A Tale of Two Cities, even with the fly-scraping expanse of Tony Walton's schematic scaffolding Paris set, the violence and volume that flood every minute as if going out of style, and especially the stage-spreading storming of the Bastille that closes the first act, evinces less sweep and scope than nearly every other pop opera. Director-choreographer Warren Carlyle has devised a perfectly amenable staging that marshals waves of bright and dark (from lighting designer Richard Pilbrow) and billowing clouds of costume color (from David Zinn)... everything except the theatrical electricity to make their outing, and yours, more than superficially worthwhile.
Not that the actors don't give their all - they're by and large superlative singers, who would sound superb singing the songs if the numbers meant anything. But Barbour's haughty but full-bodied baritone is wasted on all the heart-on-his-sleeve arias that substitute for feelings, and the even more dynamic-voiced Lazar is criminally misused in fragments of music that don't help him present a complete man in historical turmoil.
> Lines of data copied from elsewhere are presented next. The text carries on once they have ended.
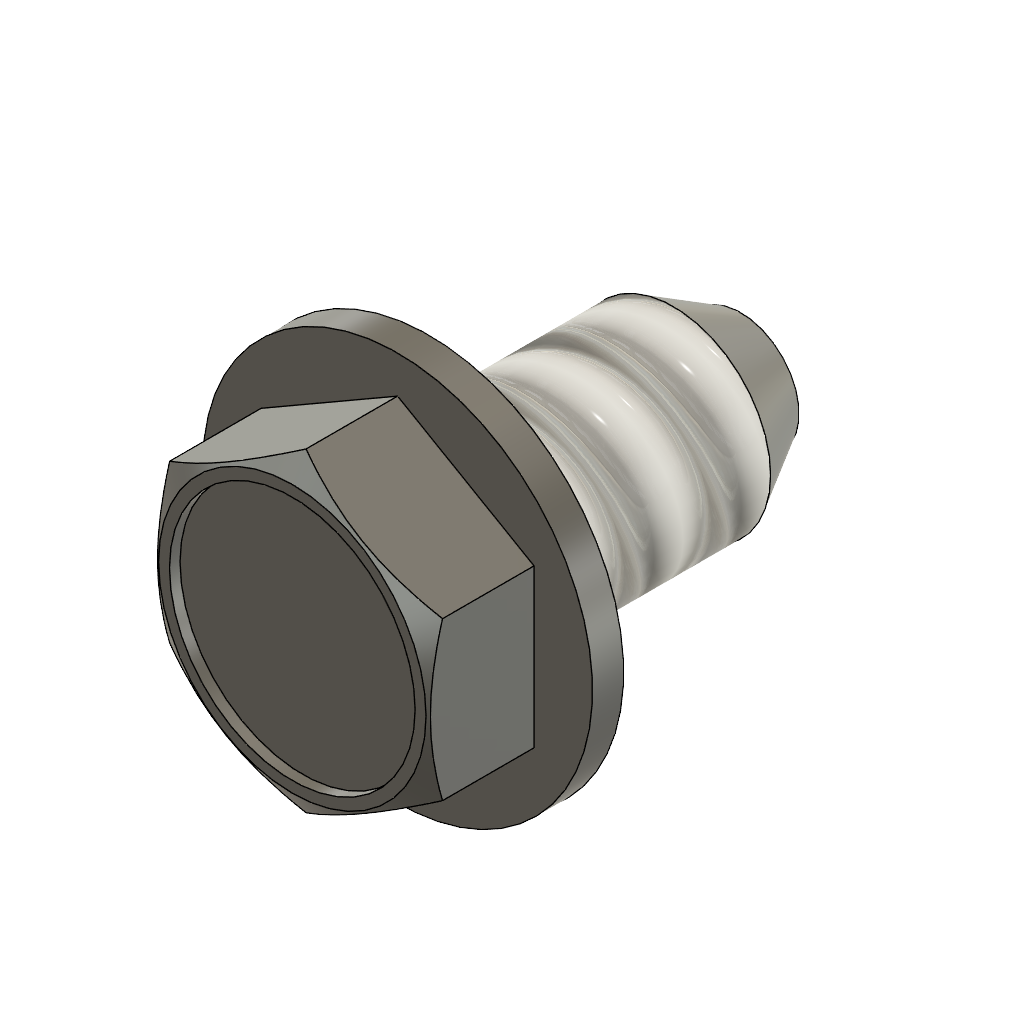
Diseño Avance 3 (Autodesk Fusion 360 archive; units mm, degrees)
design "Tornillo grueso en forma de rosca sin ranura de arandela hexagonal 30° 5x8 Acero al carbono Negro"
description: Tornillo grueso en forma de rosca sin ranura de arandela hexagonal 30° 5x8
Autodesk Fusion 360 part; units mm, degrees
sketch "Sketch1" plane through (0, 0, 0) normal (0, 1, 0) x (1, 0, 0)
  line L0 (-2.5, 0) -> (-2.5, 8)
  line L1 (-2.5, 8) -> (0, 8)
  line L2 (0, 8) -> (0, -3.5)
  line L3 (-2.5, 0) -> (-5, 0)
  line L4 (-5, 0) -> (-5, -3.5)
  line L5 (-5, -3.5) -> (0, -3.5)
  dimension "d9" = 5
  dimension "d66" = 10
  dimension "d68" = 8
  dimension "d73" = 3.5
  constraint perpendicular L0 L1
  constraint collinear origin L2.end L1.end
  constraint perpendicular L0 L3
  constraint coincident origin L3
  constraint vertical L0
  constraint vertical L2
  constraint perpendicular L3 L4
  constraint perpendicular L4 L5
  constraint coincident L2.end L5
  constraint coincident L2.end L5.end
  measures "d68" distance of origin L1.end
  measures "d73" distance of L3.end L4.end
revolve "Revolve1" add sketch "Sketch1" angle 360 about axis through (0, 0, -8) along (0, 0, 1)
ref_plane "WorkPlane2" through (0, 0, 3.5) normal (0, 0, 1) x (1, 0, 0)
sketch "Sketch6" plane through (0, 0, 3.5) normal (0, 0, 1) x (1, 0, 0)
  circle A0 centre (0, 0) radius 5
  line L0 (0, 0) -> (-3.5, 0) construction
  line L1 (0, 0) -> (-3.5, -2.0207)
  line L2 (0, 0) -> (2.5495, 0) construction
  line L3 (-3.5, 2.0207) -> (-3.5, -2.0207)
  line L4 (0, 0) -> (-3.5, 2.0207)
  line L5 (0, 0) -> (0, 4.0415)
  line L6 (-3.5, 2.0207) -> (0, 4.0415)
  line L7 (3.5, 2.0207) -> (0, 4.0415)
  line L8 (0, 0) -> (3.5, 2.0207)
  line L9 (0, -4.0415) -> (-3.5, -2.0207)
  line L10 (0, -4.0415) -> (3.5, -2.0207)
  line L11 (3.5, 2.0207) -> (3.5, -2.0207)
  dimension "d76" = 3.5
  dimension "d77" = 150
  constraint coincident A0.centre L0.start
  constraint horizontal L0
  constraint horizontal L2
  constraint perpendicular L0 L3
  constraint midpoint L0.end L3
  constraint coincident L1 L3.end
  constraint coincident L1.end L3
  constraint symmetric L0 A0.centre L1.start
  constraint symmetric L0 L1.end L3.start
  constraint symmetric A0.centre L4 L0.start
  constraint symmetric L1.end L4 L5.end
  constraint symmetric L3.start L4 L6.start
  constraint symmetric A0.centre L5 L0.start
  constraint symmetric L3.start L5 L7.start
  constraint symmetric L5 L3.start L7.start
  constraint symmetric L5 L6.end L7.end
  constraint symmetric L3.start L8 L9.start
  constraint symmetric L1.end L8 L3.end
  constraint symmetric L5.end L8 L10.end
  constraint symmetric L7.start L8 L11.start
  measures "d76" distance of A0.centre L0.end
  measures "d77" angle of L1 L2
extrude "Extrude2" cut sketch "Sketch6" against normal blind 2.7
sketch "Sketch8" plane through (0, 0, 3.5) normal (0, 0, 1) x (1, 0, 0)
  circle A0 centre (0, 0) radius 3.43
  circle A1 centre (0, 0) radius 6
  dimension "d80" = 6.86
  dimension "d81" = 12
  constraint coincident A0.centre A1.centre
  measures "d80" diameter of A0
  measures "d81" diameter of A1
extrude "Extrude3" cut sketch "Sketch8" against normal blind 3.5 draft -60
sketch "Sketch9" plane through (0, 0, 3.5) normal (0, 0, 1) x (1, 0, 0)
  circle A0 centre (0, 0) radius 3.15
  dimension "d84" = 6.3
  constraint coincident A0.centre origin
  measures "d84" diameter of A0
extrude "Extrude4" cut sketch "Sketch9" against normal blind 0.27
ref_plane "WorkPlane1" through (0, 0, 3.95) normal (0, 0, 1) x (1, 0, 0)
sketch "Sketch5" plane through (0, 0, 0) normal (0, 1, 0) x (1, 0, 0)
  line L0 (-2.5, 8) -> (0, 8)
  line L1 (-2.5, 0) -> (-2.5, 8)
  line L2 (-2.5, 6.2679) -> (-1.5, 8)
  dimension "d39" = 30
  dimension "d40" = 1
  constraint coincident L1 L2.start
  constraint coincident L0 L2.end
  measures "d39" angle of L1 L2
  measures "d40" distance of L0.start L2.end
thread "Thread1" "Metric Tapping Threads for Plastics 5.0 5x2.24 5x2.24 h14" major diameter 5 minor diameter 2.68 pitch 2.24 angle 30 resizes the face on face at (-2.4876, 0.2489, -2.6667)
revolve "Revolve2" cut sketch "Sketch5" angle 360 about axis through (0, 0, -8) along (0, 0, 1)
equation "d9 = NND"
equation "NLG = 8 mm"
equation "KOH = 3.5 mm"
equation "KOD = 10 mm"
equation "NND = 5 mm"
equation "d40 = NND * 0.2"
equation "d66 = KOD"
equation "d68 = NLG"
equation "d71 = KOH + KOF - KOH * 0.1"
equation "KOF = 0.8 mm"
equation "d73 = KOH"
equation "d74 = KOH"
equation "SW = 7 mm"
equation "d76 = SW / 2"
equation "d78 = -KOH + KOF"
equation "d80 = SW * 0.98"
equation "d81 = KOD * 1.2"
equation "d82 = -KOH"
equation "d84 = SW * 0.9"
equation "d85 = ( -KOH + KOF ) * 0.1"
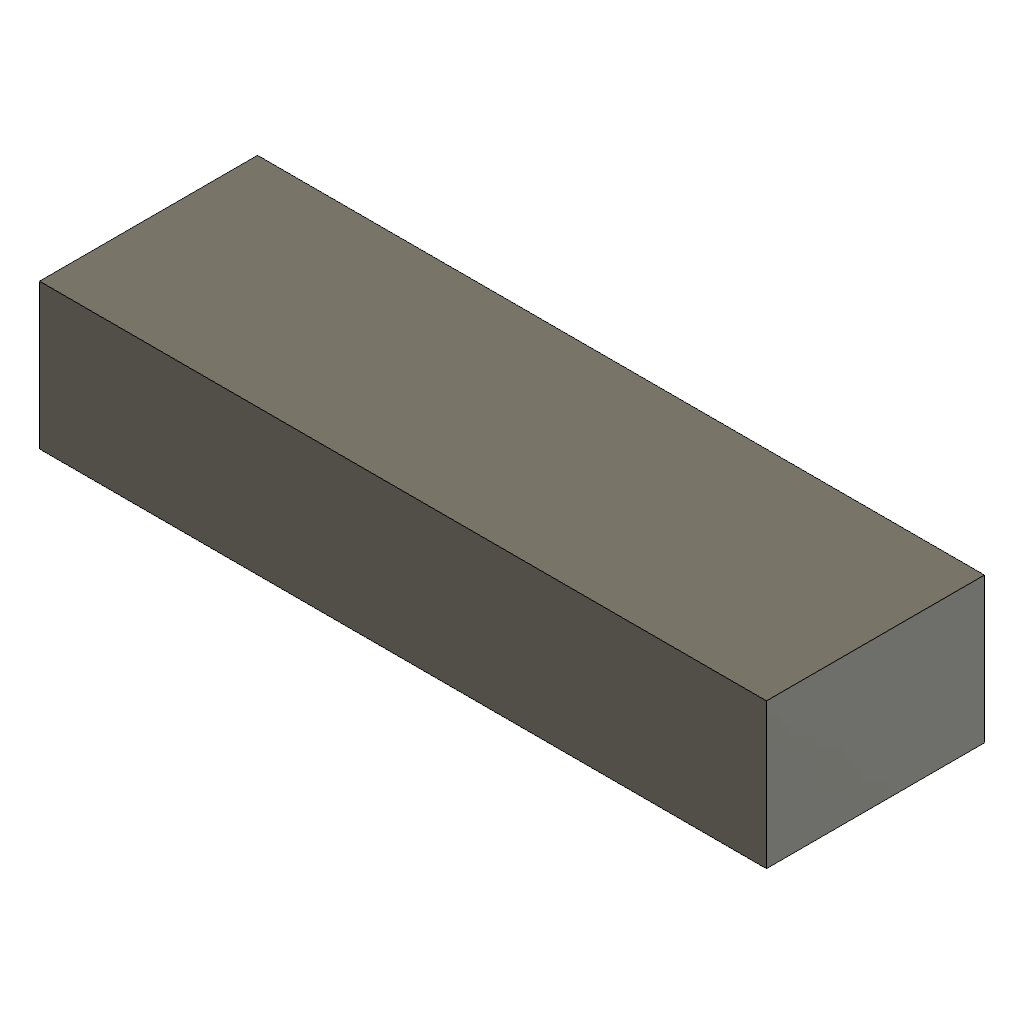
intersect (Autodesk Fusion 360 design; units mm, degrees)
part number: 2026-10-20-22-15-07-113
Autodesk Fusion 360 part; units mm, degrees
sketch "SweepTargetSection" plane through (0, 0, 0) normal (0, 0, 1) x (1, 0, 0)
  line L0 (-10, -10) -> (20, -10)
  line L1 (20, -10) -> (20, 10)
  line L2 (20, 10) -> (-10, 10)
  line L3 (-10, 10) -> (-10, -10)
extrude "StudySweepTargetExtrude" add sketch "SweepTargetSection" along normal mid plane 20
sketch "SweepSection" plane through (0, 0, 0) normal (1, 0, 0) x (0, 0, -1)
  line L0 (-3, -2) -> (3, -2)
  line L1 (3, -2) -> (3, 2)
  line L2 (3, 2) -> (-3, 2)
  line L3 (-3, 2) -> (-3, -2)
sketch "SweepPath" plane through (0, 0, 0) normal (0, 0, 1) x (1, 0, 0)
  line L0 (0, 0) -> (50, 0)
sweep "ProbeSweepOperation" cut profiles "SweepSection" path "SweepPath" along L0 section 1 keep common part
named bodies: "StudySweepTarget"

Of the men, Edelman and Nick Wyman, as a pivotal turncoat, find the firmest medium ground between speechifying and emoting. Toro overdoes the scenes that identify her meager lot, but scores in the solo, "Out of Sight, Out of Mind," that catapults her vocals and her character's sanity straight to the rafters. Katherine McGrath brings some much-needed notes of sensitive sensibility to her role as Miss Pross, Lucie's doting governess.
She also demonstrates the richest irony of such forcibly exciting musicals as this one: The smallest things usually mean the most. McGrath's loving looks and unadorned actions, especially as the finale approaches, convey an honesty the bigger numbers can never unlock.
The most affecting moment of all is the last, when the Europe-spanning show is been reduced to nothing more than Barbour upon a single set piece, amid an empty stage of barely relieved black and the ringing voices of the invisible company consigning the saga to the past by singing in the future. This proves that A Tale of Two Cities was not entirely ill-conceived, merely coerced into being something that could never elicit the best of times from the best of ideas.